# ss gear ratio?



## SKOOBEY (Feb 19, 2009)

stock my bike is 28/14 or 2:1. man, im spinning my brains out on the street. anybody run 28/12 on the street and trails? im lookin for a good overall gear ratio? thanks


----------



## the_godfather (Jan 19, 2007)

28/13 works out to about the same as a BMX. which is usually fine for me. if you are wanting a lot more speed then go for 28/12 but it will be quite hard


----------



## spazzy (Aug 15, 2004)

28/12 isnt that hard

i am running 34/14 and i am doing just fine, build up the legs a little and then you are golden


----------



## Yo! (Dec 4, 2008)

I ran a 32/16 on my DJ with 24"s and I was spinning. I liked the pop off the line, but I could never maintain any decent speed for street.

I'm 5'9, 180lbs. on a size 14 bike, and I run a 170mm crank arm with a 36t in front, and a 17t out back. This ratio is the magic number, because it leaves me just enough low end but also keeps me from spinning too much.

Just figure out your gear inches by taking your front tooth count divided by your rear tooth count and multiply it by your wheel diameter. 55 inches is classic BMX; my 36/17 on 24"s is 50.8.

A 2:1 is about 48 inches.

I played with a dozen different ratios, and this is the best one for me and for anyone, in my opinion, who needs a versatile ratio for rolling street in the 5'9, 180 range on a size 14. Sheldon Brown will argue that running an even tooth count up front with an odd out back will contribute to faster chain wear, as will running micro gearing, but that's a no big deal sacrifice when finding your magic ratio, especially if you're running SS with steel chainrings front and back.


----------



## spicoli-ss (Jun 6, 2005)

*gear ratio*

I ride street and park. My gear ratio is 36x12. I did ride a 32x12 and I was spinning way too much, I am entertaining the idea of buys a 34t, but the 36 is great to whip around the bowl with at the park.


----------



## Yo! (Dec 4, 2008)

That's a pretty steep ratio....what size wheels are you running?

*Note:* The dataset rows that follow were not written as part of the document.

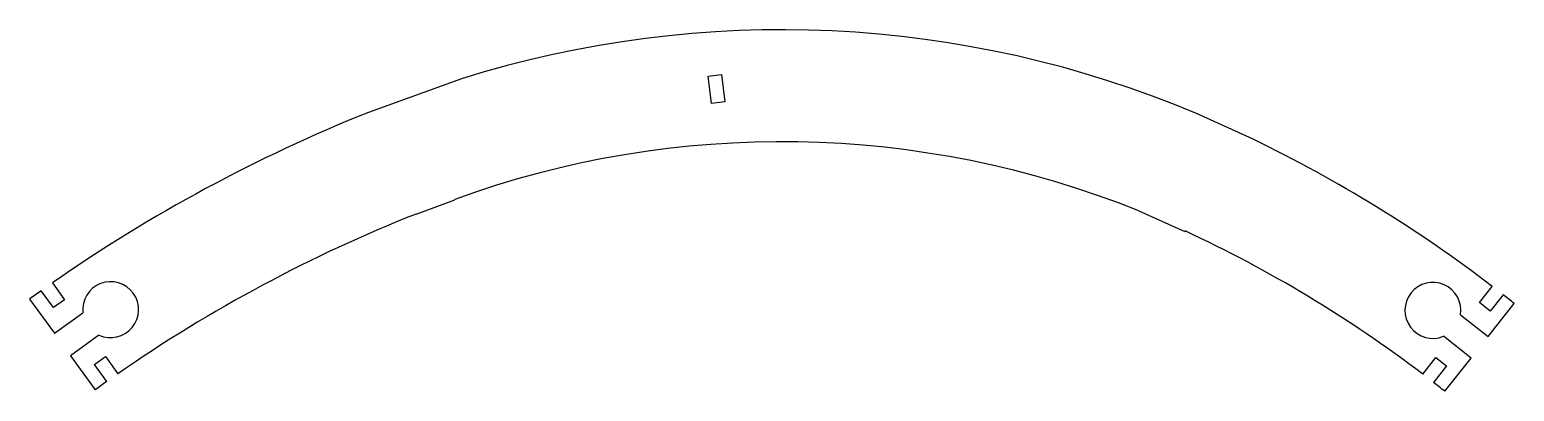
# Model space of a CAD drawing. Header units: millimetres. Extents: x -108 to 105, y -11 to 41.
import ezdxf

# ---------------------------------------------------------------- set-up
doc = ezdxf.new("R2010")
doc.units = ezdxf.units.MM
doc.layers.get('0').update_dxf_attribs({"linetype": 'CONTINUOUS'})

msp = doc.modelspace()

# ---------------------------------------------------------------- linework, layer by layer
for p, q in [((-10.47, 34.12), (-8.53, 34.36)), ((-9.99, 30.2), (-10.47, 34.12)), ((-8.53, 34.36), (-8.05, 30.44)), ((-45.82, 33.73), (-59.16, 28.91)), ((-8.05, 30.44), (-9.99, 30.2)), ((67.72, 25.07), (59.56, 28.77)), ((-52.35, 14.35), (-46.79, 16.39)), ((-46.79, 16.39), (-46.81, 16.45)), ((51.32, 14.8), (57.92, 11.87)), ((57.92, 11.87), (57.95, 11.94)), ((-104.49, 4.5), (-102.76, 2.09)), ((-107.76, 2.18), (-104.22, -2.72)), ((-104.34, 0.95), (-106.09, 3.38)), ((100.15, 1.68), (101.99, 4)), ((103.54, 2.81), (101.68, 0.47)), ((-102.76, 2.09), (-104.34, 0.95)), ((-104.22, -2.72), (-100.13, 0.23)), ((101.68, 0.47), (100.15, 1.68)), ((101.39, -3.19), (105.15, 1.55)), ((97.44, -0.06), (101.39, -3.19)), ((-97.82, -2.98), (-101.91, -5.93)), ((98.94, -6.29), (94.99, -3.15)), ((-101.91, -5.93), (-98.37, -10.83)), ((-98.46, -7.2), (-96.88, -6.06)), ((-96.88, -6.06), (-95.1, -8.52)), ((92.02, -8.57), (93.91, -6.19)), ((93.91, -6.19), (95.43, -7.4)), ((95.18, -11.03), (98.94, -6.29)), ((-96.7, -9.64), (-98.46, -7.2)), ((95.43, -7.4), (93.56, -9.76))]:
    msp.add_line(p, q)
for centre, radius, start, end in [((0.1, -112.66), 153.42, 67.1959, 107.414), ((25.49, -182.51), 227.75, 111.8215, 124.8017), ((0.1, -112.66), 137.37, 68.1073, 109.9675), ((-20.21, -156.43), 201.67, 52.7029, 64.1511), ((25.49, -182.51), 211.7, 111.5736, 124.7259), ((-20.21, -156.43), 185.62, 52.8006, 65.0975), ((-96.15, 0.66), 4.01, -114.6606, -173.7358), ((93.48, 0.56), 4.01, -8.8889, -67.9641), ((25.49, -182.51), 227.75, 125.2923, 125.8081), ((-20.21, -156.43), 201.67, 51.5664, 52.1488), ((25.49, -182.51), 211.7, 125.2537, 125.8085), ((-20.21, -156.43), 185.62, 51.5658, 52.1986)]:
    msp.add_arc(centre, radius, start, end)

doc.saveas('drawing.dxf')

Don't you find it difficult to climb with that setup?


----------



## Seanbike (Mar 23, 2004)

I'm running 28x13, works nice for most things. Sometimes I think I want to drop to a 12 in the back but there are some ugly hills where I ride street.


----------



## sittingduck (Apr 26, 2005)

36x12 would be practically unrideable on a 26. Steep as hell on a 24 too, but doable.
28x12 on 26" ftw.


----------



## spicoli-ss (Jun 6, 2005)

After I reread my post I forgot to mention I ride a 24" rear wheel. I don't ride hills or dirt on this bike. This is a strictly park bike/pool bike. Sometimes, I find the 36 a little tall, which is why the 34 seems intriguing to me...I like speed around the pool, but it does take a few laps to wind it up.


----------



## XSL_WiLL (Nov 2, 2004)

I didn't notice a huge difference when I went from 36:18 to 28:13. I may drop down to a 12t in the rear.


----------



## spicoli-ss (Jun 6, 2005)

This link will give you gear ratio in inches and you can compare different setups.

http://software.bareknucklebrigade.com/rabbit.applet.html

It's a good indicator...


----------



## SKOOBEY (Feb 19, 2009)

guess im gonna need stronger legs to roll with 28/12 on trails with any climbs :crazy:


----------



## sittingduck (Apr 26, 2005)

spicoli-ss said:


> This link will give you gear ratio in inches and you can compare different setups.
> http://software.bareknucklebrigade.com/rabbit.applet.html
> It's a good indicator...


 That's a really nice calculator, thanks for posting that. :thumbsup:

I want a calculator that will tell you the exact CS length with different combos for full and half links.


----------



## saturnine (Mar 28, 2007)

i run 32:14 for street


----------



## A Grove (Nov 12, 2006)

25/11 for me on two-six's. Perfect ratio for me.


----------



## JMH (Feb 23, 2005)

I have a 28/13t setup on my hardtail, a bit taller 34x15t on a little slopestyle bike. Both feel good for their respective uses, I ride the SS a little faster on steeper stuff so the bigger gear is nice.


----------



## cmc4130 (Jan 30, 2008)

Yo! said:


> Just figure out your gear inches by taking your front tooth count divided by your rear tooth count and multiply it by your wheel diameter. 55 inches is classic BMX; my 36/17 on 24"s is 50.8.
> 
> .


finally. someone knows what the hell is going on. it's an easy formula. use it, people.

your goal is around 55 gear inches for DJ/4x/pumptrack/skatepark/mtbmx......

34/16, 32/15, 30/14, 28/13, 26/12 all work great with 26" wheels. if you have 24" or 20"s it's gonna be different.


----------



## snaky69 (Mar 8, 2005)

It's in my guide, woot!


----------



## i like downhill (May 15, 2004)

23/9...seems about right.


----------



## sittingduck (Apr 26, 2005)

i like downhill said:


> 23/9...seems about right.


Maybe for 24" wheels.
2.5:1 on 26" is a bit tall, unless you only go downhill.


----------